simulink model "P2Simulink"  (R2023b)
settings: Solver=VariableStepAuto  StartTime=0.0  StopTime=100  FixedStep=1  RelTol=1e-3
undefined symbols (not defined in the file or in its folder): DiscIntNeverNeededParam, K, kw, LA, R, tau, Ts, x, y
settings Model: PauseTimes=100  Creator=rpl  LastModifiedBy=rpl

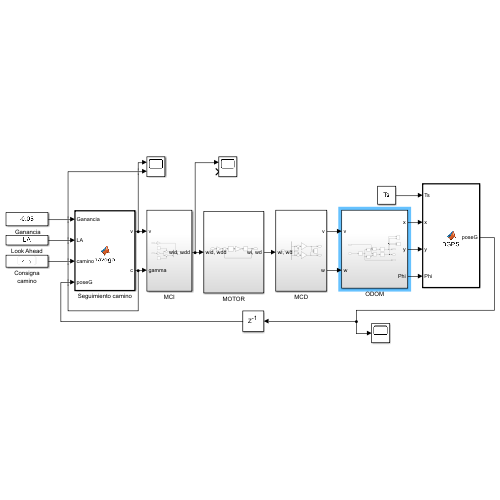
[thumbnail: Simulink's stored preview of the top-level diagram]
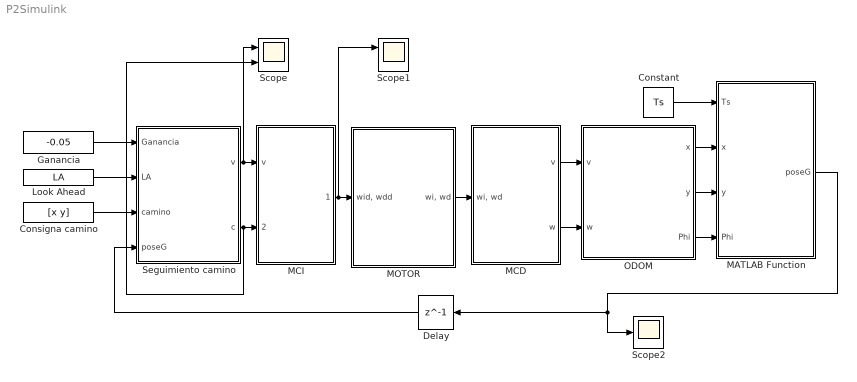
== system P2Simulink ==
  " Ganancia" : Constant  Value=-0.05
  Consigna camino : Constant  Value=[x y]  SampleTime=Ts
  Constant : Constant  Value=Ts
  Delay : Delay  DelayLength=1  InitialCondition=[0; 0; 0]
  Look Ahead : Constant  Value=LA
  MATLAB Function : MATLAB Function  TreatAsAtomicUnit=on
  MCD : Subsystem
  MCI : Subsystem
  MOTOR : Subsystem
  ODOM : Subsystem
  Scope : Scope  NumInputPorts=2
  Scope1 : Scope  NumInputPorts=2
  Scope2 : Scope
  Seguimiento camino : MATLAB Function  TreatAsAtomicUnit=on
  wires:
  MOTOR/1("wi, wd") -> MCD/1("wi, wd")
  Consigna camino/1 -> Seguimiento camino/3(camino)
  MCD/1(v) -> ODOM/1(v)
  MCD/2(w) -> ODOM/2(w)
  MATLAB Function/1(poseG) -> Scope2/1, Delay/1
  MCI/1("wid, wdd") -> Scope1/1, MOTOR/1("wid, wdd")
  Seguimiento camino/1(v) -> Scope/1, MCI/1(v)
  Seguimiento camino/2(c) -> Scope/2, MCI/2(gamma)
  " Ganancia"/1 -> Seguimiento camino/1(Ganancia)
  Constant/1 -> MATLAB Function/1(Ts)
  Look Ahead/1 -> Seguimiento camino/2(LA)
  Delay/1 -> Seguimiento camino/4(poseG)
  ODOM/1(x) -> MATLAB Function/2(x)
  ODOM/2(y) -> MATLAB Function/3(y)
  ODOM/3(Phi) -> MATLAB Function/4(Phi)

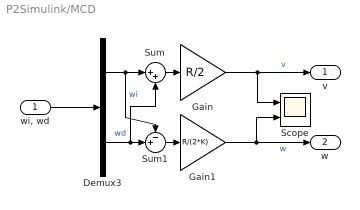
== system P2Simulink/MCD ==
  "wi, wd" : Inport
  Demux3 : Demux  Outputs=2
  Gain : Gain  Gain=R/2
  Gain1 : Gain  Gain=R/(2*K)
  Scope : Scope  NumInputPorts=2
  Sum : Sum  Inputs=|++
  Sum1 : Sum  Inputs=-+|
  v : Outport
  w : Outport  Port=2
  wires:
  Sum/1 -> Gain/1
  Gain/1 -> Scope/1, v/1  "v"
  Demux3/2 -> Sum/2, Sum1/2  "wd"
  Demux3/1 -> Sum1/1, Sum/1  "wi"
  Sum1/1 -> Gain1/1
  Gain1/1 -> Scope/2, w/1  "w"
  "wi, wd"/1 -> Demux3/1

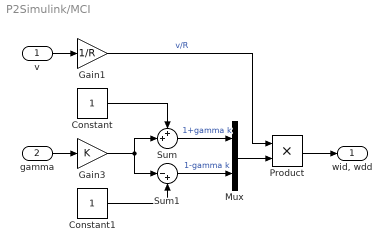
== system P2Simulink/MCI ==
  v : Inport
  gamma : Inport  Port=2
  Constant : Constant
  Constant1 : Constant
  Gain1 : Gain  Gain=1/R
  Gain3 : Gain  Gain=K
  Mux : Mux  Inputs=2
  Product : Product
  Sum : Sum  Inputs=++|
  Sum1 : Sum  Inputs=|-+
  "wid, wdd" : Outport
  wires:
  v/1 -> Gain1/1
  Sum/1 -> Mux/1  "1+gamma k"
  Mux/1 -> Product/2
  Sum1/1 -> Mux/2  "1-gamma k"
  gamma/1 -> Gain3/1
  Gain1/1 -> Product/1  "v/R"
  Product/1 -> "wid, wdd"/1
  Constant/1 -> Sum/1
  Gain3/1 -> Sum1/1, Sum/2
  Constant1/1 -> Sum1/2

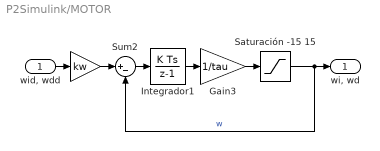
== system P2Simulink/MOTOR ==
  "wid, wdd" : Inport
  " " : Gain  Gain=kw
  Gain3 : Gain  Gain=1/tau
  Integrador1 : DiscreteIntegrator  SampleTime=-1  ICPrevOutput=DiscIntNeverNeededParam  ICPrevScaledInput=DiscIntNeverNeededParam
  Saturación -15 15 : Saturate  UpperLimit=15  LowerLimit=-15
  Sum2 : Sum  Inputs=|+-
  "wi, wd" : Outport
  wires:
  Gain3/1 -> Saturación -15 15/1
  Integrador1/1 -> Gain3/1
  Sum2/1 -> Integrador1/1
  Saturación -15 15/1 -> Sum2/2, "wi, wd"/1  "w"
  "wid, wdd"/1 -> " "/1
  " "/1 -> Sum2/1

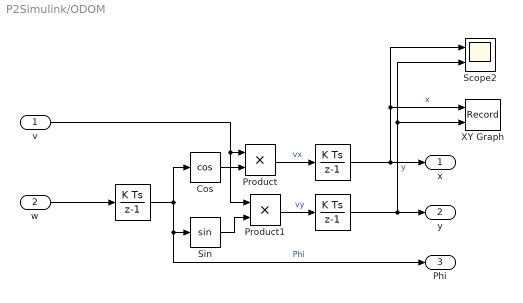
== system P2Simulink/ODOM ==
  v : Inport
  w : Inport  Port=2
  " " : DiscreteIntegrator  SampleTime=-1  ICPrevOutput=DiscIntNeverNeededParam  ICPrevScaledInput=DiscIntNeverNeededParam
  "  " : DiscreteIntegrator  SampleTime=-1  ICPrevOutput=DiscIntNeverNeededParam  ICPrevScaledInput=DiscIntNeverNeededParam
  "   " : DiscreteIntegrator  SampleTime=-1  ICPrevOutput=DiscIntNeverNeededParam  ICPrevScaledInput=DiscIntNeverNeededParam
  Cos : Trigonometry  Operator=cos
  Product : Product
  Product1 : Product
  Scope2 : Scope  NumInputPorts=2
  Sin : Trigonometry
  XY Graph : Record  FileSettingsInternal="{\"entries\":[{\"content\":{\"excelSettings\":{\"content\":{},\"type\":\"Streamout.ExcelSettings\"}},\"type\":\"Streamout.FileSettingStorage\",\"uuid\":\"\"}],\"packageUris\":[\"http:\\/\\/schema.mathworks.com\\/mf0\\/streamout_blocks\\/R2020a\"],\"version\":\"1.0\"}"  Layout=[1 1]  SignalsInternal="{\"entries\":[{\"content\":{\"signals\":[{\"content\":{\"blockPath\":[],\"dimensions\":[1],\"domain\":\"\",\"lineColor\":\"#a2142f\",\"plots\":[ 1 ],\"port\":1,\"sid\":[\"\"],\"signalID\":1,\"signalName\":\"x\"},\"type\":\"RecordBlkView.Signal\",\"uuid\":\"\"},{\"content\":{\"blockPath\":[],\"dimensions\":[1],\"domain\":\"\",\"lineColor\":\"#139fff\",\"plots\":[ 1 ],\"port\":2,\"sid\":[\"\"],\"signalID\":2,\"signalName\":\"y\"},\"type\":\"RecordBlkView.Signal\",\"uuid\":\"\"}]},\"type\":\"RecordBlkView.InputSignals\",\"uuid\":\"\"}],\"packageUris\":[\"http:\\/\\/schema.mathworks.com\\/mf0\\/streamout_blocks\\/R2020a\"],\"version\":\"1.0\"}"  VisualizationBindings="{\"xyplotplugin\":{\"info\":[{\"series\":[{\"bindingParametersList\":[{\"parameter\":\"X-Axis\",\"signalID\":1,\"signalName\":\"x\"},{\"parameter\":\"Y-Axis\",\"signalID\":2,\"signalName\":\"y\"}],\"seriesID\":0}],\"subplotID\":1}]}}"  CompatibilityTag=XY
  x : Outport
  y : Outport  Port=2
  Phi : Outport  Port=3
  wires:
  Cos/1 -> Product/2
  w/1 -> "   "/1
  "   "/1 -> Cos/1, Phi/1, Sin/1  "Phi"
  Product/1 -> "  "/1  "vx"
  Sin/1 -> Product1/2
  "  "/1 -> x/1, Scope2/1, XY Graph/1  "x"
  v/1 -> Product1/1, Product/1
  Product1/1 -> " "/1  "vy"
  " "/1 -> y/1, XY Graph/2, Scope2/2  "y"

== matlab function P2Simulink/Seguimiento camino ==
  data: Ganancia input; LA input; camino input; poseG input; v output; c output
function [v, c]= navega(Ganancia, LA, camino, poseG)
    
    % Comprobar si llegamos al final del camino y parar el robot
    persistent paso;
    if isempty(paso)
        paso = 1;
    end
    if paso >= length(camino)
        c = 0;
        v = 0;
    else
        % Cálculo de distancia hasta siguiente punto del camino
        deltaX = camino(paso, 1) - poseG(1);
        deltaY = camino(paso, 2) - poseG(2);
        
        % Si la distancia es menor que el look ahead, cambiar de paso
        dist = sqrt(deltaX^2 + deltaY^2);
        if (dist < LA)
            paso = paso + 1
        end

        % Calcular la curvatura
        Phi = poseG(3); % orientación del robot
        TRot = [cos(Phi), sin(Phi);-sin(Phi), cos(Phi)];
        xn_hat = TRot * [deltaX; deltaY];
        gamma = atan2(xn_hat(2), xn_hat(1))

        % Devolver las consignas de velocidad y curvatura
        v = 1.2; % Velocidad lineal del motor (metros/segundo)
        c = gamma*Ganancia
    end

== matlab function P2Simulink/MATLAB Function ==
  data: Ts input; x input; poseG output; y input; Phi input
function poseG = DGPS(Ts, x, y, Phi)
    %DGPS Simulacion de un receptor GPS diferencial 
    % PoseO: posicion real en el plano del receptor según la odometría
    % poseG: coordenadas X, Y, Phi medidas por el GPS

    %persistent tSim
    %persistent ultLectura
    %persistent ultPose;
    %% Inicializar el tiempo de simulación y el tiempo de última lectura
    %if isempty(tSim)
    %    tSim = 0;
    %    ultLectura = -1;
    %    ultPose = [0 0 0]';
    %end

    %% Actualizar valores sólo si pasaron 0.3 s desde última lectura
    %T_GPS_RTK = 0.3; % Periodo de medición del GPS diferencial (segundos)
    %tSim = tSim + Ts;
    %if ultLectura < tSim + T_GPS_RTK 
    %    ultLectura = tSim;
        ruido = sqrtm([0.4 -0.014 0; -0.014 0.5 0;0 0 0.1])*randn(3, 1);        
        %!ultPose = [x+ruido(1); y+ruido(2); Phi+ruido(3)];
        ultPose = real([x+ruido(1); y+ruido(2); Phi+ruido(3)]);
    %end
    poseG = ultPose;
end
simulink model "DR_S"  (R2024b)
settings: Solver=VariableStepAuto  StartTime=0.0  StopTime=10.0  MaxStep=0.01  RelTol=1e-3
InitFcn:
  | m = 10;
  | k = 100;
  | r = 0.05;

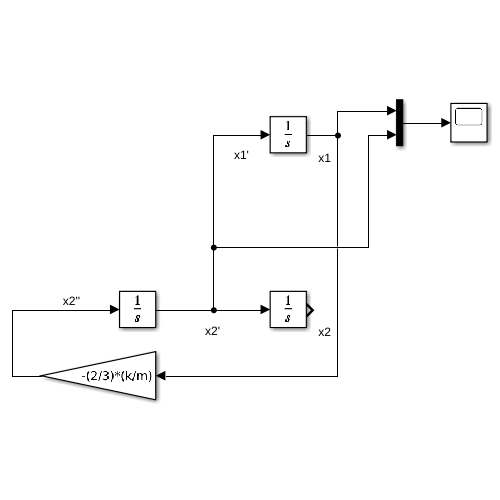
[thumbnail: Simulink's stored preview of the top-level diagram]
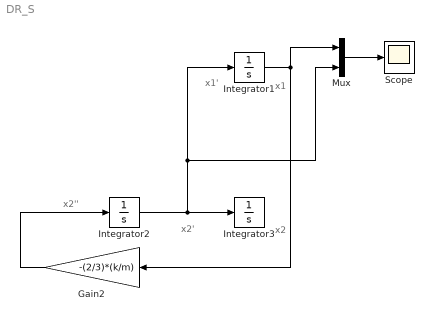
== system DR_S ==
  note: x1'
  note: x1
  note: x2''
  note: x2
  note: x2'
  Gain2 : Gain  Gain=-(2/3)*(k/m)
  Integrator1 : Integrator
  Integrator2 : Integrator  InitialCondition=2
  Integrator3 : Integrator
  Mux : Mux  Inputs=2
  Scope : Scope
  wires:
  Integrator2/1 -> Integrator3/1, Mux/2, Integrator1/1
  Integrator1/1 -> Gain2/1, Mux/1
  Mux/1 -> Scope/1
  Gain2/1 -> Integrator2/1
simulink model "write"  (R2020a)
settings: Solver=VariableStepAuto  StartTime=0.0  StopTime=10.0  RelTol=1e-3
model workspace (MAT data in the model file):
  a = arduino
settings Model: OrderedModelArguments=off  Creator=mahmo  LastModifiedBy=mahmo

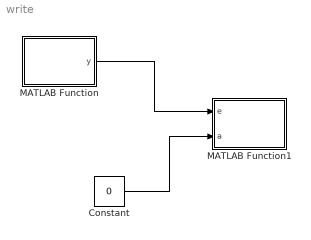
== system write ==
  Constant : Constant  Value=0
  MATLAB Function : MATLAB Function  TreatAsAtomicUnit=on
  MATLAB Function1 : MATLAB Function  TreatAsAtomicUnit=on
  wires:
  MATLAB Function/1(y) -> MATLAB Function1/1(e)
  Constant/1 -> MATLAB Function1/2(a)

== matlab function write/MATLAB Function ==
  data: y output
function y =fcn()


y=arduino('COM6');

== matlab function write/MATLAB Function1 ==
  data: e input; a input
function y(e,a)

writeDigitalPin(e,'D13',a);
+ + +
What is the number of lines in the data that include "Creator"? Answer with that number alone.

Task answer:
2